Getting Metro Detroit Ready for College

hen Ciera Smith began taking chemistry courses at Western Michigan University, she felt comfortable with the material her professors presented and the fast pace of her classes. She credits her Advanced Placement chemistry teacher, Cynthia Bridges, for preparing her and her Detroit Renaissance High School classmates for college-level work, even if they complained about the amount of homework they had at the time.

Although Smith, a fourth-year biomedical sciences major, felt prepared for college, she noticed educational deficits in other courses that her peers didn’t possess.

 “There were some courses where my classmates had some type of background knowledge that I didn’t,” she says. “They could say, ‘Oh, we had a class for that,’ or ‘Oh, I learned that in high school.’ I know there’s a lack of resources in Detroit Public Schools, but it would have been nice to have more of a variety of class options in high school to be ready for college.”

African-American students like Smith, who took two Advanced Placement courses and completed a college prep curriculum in high school, are more likely to be prepared to succeed than their counterparts who didn’t have access to a rigorous course load.
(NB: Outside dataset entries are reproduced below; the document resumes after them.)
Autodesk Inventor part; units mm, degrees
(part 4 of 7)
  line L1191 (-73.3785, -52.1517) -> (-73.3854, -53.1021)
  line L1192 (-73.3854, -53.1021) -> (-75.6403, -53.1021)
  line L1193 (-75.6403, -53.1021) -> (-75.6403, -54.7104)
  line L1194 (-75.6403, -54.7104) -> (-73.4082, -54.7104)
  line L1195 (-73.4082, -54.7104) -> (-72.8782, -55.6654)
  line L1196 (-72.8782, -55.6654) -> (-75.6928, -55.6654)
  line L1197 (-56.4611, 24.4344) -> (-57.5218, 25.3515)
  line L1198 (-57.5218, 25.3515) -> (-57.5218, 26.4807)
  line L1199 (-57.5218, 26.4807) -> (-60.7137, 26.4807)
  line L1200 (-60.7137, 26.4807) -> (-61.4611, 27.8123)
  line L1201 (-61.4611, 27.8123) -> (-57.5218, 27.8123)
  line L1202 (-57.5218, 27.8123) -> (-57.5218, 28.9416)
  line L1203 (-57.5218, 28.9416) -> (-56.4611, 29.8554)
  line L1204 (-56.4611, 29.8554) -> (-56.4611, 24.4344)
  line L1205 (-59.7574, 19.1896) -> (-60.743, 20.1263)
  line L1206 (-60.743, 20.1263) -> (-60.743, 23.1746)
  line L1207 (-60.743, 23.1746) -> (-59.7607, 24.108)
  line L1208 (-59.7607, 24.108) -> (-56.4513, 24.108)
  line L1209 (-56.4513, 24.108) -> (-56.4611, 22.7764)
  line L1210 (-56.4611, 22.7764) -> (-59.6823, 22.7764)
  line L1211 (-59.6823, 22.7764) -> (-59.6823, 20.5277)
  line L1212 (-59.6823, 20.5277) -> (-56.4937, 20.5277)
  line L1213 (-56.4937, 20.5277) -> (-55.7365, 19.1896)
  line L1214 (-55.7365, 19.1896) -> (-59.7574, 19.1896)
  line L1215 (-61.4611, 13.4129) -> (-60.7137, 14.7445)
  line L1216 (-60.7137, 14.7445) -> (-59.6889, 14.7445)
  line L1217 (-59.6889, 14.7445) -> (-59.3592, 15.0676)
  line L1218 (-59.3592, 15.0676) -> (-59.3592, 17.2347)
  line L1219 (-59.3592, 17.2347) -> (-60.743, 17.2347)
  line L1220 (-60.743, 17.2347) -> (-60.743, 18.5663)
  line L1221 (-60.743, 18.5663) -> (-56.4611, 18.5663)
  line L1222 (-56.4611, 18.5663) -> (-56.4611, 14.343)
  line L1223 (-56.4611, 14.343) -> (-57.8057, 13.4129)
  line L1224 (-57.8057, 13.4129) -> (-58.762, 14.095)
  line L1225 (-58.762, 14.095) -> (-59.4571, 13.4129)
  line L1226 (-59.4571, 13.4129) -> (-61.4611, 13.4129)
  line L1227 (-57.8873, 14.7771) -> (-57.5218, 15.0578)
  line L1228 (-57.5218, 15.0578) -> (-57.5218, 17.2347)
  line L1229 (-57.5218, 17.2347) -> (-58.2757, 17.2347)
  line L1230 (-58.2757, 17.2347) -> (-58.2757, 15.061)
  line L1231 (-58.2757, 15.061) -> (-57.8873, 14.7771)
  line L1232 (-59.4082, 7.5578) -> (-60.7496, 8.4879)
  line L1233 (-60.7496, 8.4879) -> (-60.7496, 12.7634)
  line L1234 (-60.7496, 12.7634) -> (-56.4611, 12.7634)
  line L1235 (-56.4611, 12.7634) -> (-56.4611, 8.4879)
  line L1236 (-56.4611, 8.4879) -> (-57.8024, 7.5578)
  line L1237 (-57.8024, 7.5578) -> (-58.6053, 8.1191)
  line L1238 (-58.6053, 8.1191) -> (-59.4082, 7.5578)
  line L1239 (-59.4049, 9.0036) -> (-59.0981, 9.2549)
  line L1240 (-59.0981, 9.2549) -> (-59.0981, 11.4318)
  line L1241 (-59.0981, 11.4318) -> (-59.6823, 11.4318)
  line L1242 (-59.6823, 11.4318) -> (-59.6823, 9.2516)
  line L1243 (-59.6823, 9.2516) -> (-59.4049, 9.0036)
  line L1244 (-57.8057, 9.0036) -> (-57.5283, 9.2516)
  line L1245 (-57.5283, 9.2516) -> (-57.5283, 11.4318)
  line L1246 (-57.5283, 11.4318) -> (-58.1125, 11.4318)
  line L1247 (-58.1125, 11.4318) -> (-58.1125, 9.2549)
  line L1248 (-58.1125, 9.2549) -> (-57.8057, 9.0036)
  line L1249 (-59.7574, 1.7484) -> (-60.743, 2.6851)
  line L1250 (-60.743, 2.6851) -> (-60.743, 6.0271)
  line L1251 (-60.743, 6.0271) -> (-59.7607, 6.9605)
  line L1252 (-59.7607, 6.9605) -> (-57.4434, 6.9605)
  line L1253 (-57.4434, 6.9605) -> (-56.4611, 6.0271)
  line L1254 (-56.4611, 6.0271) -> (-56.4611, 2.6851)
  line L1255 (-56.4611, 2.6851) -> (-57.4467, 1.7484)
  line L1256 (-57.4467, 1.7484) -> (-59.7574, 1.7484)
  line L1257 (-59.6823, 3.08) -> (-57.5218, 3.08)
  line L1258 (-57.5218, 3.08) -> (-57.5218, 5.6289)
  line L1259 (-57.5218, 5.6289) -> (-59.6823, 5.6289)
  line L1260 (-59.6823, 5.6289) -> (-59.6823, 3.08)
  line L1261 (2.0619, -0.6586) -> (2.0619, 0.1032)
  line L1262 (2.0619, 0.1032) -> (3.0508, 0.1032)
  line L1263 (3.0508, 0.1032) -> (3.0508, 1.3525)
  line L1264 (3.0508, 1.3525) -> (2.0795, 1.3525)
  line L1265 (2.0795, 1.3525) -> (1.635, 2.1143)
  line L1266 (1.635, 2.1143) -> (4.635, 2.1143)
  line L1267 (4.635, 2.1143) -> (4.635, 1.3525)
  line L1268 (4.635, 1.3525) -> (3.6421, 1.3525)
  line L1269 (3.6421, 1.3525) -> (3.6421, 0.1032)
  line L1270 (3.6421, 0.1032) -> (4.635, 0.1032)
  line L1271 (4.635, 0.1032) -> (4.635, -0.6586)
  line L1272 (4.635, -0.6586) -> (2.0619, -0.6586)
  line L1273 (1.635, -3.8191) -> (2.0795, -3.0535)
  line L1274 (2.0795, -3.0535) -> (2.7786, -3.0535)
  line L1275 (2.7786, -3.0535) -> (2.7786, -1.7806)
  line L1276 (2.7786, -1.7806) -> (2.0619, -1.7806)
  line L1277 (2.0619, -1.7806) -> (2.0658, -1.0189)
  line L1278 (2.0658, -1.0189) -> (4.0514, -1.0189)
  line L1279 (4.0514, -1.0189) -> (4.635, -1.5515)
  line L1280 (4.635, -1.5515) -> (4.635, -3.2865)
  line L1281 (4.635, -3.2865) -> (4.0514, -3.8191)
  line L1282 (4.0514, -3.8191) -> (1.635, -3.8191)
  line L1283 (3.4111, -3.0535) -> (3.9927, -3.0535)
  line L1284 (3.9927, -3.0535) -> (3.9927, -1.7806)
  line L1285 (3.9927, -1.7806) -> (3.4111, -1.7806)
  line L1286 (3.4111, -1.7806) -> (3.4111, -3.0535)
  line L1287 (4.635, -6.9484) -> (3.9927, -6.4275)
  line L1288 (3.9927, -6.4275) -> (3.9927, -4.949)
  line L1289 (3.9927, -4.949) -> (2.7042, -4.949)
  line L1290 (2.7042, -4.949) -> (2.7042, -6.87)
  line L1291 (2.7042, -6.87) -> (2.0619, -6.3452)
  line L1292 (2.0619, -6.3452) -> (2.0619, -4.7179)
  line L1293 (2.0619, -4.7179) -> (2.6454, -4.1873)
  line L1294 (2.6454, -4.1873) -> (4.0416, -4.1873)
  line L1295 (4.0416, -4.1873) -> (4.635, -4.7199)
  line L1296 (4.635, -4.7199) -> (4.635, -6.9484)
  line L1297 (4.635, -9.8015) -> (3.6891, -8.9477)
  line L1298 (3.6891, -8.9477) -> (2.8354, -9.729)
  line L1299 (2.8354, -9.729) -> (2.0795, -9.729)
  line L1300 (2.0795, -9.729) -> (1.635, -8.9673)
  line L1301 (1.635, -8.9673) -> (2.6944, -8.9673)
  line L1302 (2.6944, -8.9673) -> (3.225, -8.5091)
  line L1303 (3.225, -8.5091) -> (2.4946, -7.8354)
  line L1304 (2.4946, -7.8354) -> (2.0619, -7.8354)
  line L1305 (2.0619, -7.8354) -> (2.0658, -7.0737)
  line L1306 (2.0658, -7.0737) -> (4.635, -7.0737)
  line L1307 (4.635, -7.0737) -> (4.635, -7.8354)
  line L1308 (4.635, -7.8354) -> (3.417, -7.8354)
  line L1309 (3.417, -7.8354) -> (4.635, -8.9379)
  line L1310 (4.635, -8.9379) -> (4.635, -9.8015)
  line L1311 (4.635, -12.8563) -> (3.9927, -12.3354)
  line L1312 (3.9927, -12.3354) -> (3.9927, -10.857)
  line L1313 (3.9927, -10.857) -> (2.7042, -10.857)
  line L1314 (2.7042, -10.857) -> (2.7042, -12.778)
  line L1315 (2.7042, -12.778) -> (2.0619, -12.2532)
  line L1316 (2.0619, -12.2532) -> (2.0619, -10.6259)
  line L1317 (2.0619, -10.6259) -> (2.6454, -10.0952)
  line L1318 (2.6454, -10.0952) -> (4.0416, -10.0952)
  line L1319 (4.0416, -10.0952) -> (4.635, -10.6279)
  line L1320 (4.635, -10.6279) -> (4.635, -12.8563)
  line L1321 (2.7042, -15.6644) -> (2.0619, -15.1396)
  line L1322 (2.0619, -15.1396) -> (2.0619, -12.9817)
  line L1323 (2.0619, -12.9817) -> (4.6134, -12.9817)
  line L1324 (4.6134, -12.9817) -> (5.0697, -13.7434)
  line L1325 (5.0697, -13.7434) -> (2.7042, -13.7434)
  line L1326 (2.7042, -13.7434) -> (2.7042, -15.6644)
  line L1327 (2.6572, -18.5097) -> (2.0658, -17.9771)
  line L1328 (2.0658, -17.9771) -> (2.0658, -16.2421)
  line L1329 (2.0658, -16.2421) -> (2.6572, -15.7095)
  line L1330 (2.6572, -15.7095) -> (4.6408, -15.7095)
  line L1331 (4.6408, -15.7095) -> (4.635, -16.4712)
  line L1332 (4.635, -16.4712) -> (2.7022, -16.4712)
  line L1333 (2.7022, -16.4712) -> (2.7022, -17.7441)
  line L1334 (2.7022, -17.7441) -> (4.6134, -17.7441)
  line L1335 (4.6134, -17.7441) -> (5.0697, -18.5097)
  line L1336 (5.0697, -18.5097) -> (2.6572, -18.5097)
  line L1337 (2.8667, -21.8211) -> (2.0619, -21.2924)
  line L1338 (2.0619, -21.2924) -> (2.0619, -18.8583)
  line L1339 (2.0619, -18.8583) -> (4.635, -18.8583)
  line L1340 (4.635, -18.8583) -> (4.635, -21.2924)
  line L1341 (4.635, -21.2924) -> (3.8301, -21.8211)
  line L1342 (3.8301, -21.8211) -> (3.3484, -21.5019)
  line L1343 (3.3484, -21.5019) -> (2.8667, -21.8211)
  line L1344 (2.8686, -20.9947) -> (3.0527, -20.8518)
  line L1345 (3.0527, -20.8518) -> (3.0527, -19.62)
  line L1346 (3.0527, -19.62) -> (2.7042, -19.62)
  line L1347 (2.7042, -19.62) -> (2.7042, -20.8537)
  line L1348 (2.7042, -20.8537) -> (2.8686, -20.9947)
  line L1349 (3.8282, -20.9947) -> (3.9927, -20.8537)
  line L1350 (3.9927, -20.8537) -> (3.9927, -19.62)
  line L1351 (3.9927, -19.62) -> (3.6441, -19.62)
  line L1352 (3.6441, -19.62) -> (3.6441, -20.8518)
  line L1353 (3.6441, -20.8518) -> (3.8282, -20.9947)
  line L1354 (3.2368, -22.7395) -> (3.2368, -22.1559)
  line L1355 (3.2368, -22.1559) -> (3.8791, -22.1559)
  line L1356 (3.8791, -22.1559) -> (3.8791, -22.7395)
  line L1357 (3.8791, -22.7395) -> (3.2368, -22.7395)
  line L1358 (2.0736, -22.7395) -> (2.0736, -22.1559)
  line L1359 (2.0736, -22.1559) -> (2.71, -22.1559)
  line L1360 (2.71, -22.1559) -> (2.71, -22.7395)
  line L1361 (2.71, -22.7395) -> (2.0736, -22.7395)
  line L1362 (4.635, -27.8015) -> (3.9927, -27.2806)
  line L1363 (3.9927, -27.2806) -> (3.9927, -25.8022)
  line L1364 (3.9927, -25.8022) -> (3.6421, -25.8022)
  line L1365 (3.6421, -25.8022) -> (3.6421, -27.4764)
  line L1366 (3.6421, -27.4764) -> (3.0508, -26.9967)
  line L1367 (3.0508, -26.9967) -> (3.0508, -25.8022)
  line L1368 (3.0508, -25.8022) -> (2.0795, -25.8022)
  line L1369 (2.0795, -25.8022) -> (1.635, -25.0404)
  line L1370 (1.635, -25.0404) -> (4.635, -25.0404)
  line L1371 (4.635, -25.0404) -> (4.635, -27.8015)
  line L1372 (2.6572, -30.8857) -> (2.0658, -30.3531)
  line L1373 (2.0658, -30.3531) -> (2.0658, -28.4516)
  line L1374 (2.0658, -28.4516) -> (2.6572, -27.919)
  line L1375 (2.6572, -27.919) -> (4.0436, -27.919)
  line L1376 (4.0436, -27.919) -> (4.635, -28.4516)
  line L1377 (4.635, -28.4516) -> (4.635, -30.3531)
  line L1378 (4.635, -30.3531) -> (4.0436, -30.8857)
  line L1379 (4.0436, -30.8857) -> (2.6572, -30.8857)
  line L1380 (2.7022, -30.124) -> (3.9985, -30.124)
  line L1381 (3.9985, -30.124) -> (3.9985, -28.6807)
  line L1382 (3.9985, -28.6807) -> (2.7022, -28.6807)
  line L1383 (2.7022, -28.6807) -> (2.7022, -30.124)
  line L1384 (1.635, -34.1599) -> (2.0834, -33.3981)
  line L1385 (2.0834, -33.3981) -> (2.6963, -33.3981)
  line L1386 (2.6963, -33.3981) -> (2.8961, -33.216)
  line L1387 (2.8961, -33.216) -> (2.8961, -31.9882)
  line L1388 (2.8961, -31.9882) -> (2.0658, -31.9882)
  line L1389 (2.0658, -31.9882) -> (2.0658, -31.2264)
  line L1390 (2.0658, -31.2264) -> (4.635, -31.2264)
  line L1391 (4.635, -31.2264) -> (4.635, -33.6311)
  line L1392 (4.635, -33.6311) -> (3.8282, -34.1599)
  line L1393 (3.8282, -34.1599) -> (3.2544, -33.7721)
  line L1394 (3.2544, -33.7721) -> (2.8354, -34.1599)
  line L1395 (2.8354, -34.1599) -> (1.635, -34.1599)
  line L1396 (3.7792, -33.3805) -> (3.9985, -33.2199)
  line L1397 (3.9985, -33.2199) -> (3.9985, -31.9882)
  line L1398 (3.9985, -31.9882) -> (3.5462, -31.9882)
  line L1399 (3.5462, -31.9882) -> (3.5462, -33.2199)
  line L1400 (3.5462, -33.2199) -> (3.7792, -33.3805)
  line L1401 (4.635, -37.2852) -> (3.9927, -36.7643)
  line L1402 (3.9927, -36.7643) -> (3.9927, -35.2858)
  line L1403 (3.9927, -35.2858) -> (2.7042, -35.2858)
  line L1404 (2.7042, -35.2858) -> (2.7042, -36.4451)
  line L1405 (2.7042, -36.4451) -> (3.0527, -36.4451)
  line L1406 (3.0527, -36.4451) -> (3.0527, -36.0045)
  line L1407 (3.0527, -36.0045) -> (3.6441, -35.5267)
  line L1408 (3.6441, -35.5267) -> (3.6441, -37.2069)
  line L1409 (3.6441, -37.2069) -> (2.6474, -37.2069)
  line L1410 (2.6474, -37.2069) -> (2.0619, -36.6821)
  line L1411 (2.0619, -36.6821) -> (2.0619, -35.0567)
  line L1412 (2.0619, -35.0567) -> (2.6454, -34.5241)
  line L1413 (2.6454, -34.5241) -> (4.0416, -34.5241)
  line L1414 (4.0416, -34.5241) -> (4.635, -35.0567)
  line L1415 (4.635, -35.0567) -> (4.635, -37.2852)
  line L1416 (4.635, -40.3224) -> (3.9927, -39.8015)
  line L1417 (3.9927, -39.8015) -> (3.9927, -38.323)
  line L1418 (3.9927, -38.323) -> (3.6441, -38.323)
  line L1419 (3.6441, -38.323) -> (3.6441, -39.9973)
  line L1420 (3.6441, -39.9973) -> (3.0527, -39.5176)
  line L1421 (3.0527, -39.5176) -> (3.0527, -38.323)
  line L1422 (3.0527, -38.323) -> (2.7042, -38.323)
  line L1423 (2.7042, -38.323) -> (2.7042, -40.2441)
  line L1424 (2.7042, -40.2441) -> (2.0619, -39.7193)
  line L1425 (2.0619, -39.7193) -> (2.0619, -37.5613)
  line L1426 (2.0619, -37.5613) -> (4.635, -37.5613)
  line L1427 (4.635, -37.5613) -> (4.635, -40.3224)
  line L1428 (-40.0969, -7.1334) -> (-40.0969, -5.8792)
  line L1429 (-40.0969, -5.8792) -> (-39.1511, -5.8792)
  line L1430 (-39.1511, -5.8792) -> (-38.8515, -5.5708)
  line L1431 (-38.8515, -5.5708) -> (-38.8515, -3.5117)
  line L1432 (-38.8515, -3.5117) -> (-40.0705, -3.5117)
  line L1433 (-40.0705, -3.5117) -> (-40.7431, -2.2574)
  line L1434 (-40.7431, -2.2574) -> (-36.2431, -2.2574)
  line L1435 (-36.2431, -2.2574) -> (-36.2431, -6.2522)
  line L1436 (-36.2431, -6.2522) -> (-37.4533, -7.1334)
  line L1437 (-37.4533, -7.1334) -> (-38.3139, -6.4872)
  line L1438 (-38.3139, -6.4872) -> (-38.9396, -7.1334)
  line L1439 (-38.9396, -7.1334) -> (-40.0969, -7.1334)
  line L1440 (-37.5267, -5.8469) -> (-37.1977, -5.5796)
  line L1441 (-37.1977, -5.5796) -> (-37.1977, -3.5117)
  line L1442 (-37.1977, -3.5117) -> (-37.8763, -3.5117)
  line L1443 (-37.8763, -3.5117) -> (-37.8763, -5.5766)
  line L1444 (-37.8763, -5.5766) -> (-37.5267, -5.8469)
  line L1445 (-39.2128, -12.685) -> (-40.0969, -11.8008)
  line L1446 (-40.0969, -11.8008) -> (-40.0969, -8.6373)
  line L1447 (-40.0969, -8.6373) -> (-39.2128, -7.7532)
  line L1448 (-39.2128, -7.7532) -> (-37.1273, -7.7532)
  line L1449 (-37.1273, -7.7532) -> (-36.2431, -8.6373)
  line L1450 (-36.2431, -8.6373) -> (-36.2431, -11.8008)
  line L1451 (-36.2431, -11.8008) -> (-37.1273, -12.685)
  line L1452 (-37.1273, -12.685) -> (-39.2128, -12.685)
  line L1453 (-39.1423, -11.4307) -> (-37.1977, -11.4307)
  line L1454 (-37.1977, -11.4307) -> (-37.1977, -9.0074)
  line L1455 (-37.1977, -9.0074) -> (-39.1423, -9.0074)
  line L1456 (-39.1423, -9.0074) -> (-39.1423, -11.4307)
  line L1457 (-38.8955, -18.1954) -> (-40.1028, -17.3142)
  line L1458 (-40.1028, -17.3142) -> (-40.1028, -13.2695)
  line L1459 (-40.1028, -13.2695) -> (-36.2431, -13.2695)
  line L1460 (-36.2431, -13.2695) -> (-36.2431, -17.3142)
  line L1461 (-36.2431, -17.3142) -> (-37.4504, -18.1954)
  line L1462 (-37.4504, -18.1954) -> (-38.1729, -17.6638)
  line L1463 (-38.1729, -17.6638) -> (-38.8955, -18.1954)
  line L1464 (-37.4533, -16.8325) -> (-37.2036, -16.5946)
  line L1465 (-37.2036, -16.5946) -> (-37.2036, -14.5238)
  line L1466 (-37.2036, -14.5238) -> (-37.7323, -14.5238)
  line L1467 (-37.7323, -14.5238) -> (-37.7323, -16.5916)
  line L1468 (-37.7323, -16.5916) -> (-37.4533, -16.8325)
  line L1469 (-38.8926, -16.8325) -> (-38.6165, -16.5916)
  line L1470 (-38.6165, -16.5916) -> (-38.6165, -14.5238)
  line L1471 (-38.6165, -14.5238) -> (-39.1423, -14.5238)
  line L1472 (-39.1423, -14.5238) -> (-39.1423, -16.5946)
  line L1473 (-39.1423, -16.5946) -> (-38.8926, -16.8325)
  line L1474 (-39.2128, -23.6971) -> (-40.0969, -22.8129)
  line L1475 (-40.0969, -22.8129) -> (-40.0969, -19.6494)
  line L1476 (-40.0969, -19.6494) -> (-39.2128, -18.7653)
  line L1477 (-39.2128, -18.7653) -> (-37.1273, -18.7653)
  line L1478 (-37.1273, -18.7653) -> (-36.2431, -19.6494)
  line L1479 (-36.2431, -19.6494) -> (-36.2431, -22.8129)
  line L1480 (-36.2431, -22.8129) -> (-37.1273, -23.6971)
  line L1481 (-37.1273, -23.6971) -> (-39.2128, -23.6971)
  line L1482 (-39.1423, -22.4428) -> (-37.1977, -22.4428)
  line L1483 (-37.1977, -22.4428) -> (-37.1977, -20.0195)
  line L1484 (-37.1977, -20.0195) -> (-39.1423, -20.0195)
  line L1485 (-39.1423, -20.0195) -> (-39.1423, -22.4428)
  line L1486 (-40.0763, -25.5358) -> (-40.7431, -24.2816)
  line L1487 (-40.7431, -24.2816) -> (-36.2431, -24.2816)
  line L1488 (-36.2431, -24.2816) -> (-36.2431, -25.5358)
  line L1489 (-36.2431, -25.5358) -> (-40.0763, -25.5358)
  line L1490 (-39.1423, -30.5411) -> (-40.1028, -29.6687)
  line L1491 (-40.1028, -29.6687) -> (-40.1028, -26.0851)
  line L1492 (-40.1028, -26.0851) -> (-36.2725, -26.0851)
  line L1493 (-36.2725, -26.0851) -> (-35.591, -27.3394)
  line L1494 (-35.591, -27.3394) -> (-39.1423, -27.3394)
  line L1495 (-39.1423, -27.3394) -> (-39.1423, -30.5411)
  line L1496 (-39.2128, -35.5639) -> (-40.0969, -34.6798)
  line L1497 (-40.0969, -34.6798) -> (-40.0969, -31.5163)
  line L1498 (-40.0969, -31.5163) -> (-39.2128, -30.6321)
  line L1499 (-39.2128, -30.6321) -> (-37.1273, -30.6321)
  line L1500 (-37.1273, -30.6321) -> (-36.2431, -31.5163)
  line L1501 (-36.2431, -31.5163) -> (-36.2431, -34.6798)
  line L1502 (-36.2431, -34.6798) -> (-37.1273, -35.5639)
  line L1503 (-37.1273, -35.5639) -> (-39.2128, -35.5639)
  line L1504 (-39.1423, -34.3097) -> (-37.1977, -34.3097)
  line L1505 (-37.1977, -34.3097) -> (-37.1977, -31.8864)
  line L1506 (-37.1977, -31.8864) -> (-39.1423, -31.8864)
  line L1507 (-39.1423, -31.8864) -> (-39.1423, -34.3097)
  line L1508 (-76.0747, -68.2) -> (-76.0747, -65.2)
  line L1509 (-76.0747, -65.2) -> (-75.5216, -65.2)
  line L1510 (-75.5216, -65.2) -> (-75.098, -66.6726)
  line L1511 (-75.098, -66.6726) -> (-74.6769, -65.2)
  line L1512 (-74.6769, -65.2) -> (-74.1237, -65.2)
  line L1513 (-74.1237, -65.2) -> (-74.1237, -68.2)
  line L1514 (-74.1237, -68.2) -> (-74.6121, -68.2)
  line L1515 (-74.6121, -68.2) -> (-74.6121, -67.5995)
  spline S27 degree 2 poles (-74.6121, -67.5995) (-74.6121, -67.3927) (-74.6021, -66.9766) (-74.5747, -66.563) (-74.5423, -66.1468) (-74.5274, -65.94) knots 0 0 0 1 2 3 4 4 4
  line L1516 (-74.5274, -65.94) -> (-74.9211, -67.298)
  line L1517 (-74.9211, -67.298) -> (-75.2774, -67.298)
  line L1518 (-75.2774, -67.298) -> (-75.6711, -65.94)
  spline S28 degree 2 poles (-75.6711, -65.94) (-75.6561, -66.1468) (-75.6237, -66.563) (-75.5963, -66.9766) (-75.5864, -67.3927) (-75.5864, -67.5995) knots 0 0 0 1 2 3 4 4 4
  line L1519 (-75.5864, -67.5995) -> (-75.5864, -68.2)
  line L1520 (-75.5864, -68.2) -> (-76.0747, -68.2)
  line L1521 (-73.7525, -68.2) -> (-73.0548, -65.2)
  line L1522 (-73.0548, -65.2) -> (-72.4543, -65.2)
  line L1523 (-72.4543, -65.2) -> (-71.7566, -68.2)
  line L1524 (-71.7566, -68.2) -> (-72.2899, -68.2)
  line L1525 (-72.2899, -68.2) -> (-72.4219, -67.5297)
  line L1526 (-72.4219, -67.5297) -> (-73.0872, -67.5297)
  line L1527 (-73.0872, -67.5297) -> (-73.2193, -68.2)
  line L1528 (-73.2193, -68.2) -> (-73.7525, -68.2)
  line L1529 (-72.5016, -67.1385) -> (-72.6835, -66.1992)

For too many Black students, however, the latter is the norm-they’re less likely to attend high schools with a full range of honors courses, higher-level class offerings in math and science, or programs that offer the opportunity to earn college credit before graduation.

On one measure of college readiness, the ACT exam, a whopping 62 percent of ACT-tested Black students in the graduating class of 2014 met none of the organization’s four College Readiness Benchmarks-twice the rate of all students, according to new report The Condition of College and Career Readiness 2014: African American Students. Part of the requirements of the Michigan Merit Exam, ACT scores are among the factors used to define students as college-ready.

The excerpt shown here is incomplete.